[[ DATA UNDER STUDY open ]]

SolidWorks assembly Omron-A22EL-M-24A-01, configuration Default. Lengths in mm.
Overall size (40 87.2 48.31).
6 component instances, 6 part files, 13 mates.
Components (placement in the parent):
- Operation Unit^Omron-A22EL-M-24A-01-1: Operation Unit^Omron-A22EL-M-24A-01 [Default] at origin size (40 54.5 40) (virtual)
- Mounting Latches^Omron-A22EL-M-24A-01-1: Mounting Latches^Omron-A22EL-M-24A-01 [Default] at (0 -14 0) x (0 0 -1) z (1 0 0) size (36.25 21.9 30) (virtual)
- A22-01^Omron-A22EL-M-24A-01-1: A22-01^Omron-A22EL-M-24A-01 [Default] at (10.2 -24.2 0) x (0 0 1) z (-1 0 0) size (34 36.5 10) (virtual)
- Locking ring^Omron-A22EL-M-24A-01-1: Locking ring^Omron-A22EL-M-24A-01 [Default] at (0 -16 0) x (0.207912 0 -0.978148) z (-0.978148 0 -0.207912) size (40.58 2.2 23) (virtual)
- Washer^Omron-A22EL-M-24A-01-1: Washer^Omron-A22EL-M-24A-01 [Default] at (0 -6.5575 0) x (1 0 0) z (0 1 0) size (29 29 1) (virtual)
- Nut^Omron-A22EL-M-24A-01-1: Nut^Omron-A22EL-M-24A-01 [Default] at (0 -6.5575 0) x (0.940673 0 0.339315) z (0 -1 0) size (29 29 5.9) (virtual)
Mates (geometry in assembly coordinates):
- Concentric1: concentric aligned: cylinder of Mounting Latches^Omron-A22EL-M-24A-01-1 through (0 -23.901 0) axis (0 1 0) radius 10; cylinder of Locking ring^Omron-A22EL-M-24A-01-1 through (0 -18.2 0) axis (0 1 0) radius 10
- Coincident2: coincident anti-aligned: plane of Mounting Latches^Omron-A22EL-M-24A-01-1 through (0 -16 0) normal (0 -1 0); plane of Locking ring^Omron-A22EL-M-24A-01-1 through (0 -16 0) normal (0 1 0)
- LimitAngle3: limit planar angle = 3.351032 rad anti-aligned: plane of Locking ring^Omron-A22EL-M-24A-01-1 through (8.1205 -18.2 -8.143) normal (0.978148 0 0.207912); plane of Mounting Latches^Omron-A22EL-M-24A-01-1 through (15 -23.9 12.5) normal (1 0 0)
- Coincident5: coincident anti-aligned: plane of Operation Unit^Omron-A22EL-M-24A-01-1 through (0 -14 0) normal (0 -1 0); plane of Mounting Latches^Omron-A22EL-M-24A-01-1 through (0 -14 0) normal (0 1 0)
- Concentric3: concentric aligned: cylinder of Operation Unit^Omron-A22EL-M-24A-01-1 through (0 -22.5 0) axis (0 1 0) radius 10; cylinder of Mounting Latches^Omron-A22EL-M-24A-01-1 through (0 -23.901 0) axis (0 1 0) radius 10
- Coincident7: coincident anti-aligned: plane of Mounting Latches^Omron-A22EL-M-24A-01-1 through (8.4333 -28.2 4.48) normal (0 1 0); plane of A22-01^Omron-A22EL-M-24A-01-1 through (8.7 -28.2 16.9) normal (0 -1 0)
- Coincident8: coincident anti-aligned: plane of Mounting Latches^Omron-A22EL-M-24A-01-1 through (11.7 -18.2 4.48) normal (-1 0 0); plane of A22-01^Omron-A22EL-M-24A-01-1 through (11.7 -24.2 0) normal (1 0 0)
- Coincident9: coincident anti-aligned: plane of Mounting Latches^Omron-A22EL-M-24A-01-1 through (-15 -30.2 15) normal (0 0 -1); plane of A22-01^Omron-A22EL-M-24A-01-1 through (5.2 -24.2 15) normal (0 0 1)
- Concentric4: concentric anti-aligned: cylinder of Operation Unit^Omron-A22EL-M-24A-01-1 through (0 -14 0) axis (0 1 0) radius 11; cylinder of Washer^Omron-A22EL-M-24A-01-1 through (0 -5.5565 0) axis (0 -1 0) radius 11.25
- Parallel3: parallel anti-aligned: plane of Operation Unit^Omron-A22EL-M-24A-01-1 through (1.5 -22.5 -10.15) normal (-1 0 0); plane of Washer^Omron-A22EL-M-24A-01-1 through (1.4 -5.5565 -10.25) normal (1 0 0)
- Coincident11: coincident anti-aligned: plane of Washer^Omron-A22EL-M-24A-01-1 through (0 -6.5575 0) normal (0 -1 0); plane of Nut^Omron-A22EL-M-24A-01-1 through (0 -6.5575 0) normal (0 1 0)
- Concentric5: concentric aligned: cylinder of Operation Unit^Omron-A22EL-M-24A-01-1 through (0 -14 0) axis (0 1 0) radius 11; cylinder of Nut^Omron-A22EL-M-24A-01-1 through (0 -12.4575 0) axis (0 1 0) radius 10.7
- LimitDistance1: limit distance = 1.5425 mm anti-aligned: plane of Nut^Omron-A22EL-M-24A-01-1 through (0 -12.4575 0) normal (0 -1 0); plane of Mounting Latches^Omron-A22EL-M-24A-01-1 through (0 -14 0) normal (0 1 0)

[[ DATA UNDER STUDY closed ]]

EXERCISE DIRECTIONS: Would you output, from the records above, exactly the run of lines that starts at the line containing "- A22-01^Omron-A22EL-M-24A-01-1: A22-01^Omron-A22EL-M-24A-01" and ends at the line containing "- Concentric1: concentric", and only that run?

RESULT OF THIS TASK:
- A22-01^Omron-A22EL-M-24A-01-1: A22-01^Omron-A22EL-M-24A-01 [Default] at (10.2 -24.2 0) x (0 0 1) z (-1 0 0) size (34 36.5 10) (virtual)
- Locking ring^Omron-A22EL-M-24A-01-1: Locking ring^Omron-A22EL-M-24A-01 [Default] at (0 -16 0) x (0.207912 0 -0.978148) z (-0.978148 0 -0.207912) size (40.58 2.2 23) (virtual)
- Washer^Omron-A22EL-M-24A-01-1: Washer^Omron-A22EL-M-24A-01 [Default] at (0 -6.5575 0) x (1 0 0) z (0 1 0) size (29 29 1) (virtual)
- Nut^Omron-A22EL-M-24A-01-1: Nut^Omron-A22EL-M-24A-01 [Default] at (0 -6.5575 0) x (0.940673 0 0.339315) z (0 -1 0) size (29 29 5.9) (virtual)
Mates (geometry in assembly coordinates):
- Concentric1: concentric aligned: cylinder of Mounting Latches^Omron-A22EL-M-24A-01-1 through (0 -23.901 0) axis (0 1 0) radius 10; cylinder of Locking ring^Omron-A22EL-M-24A-01-1 through (0 -18.2 0) axis (0 1 0) radius 10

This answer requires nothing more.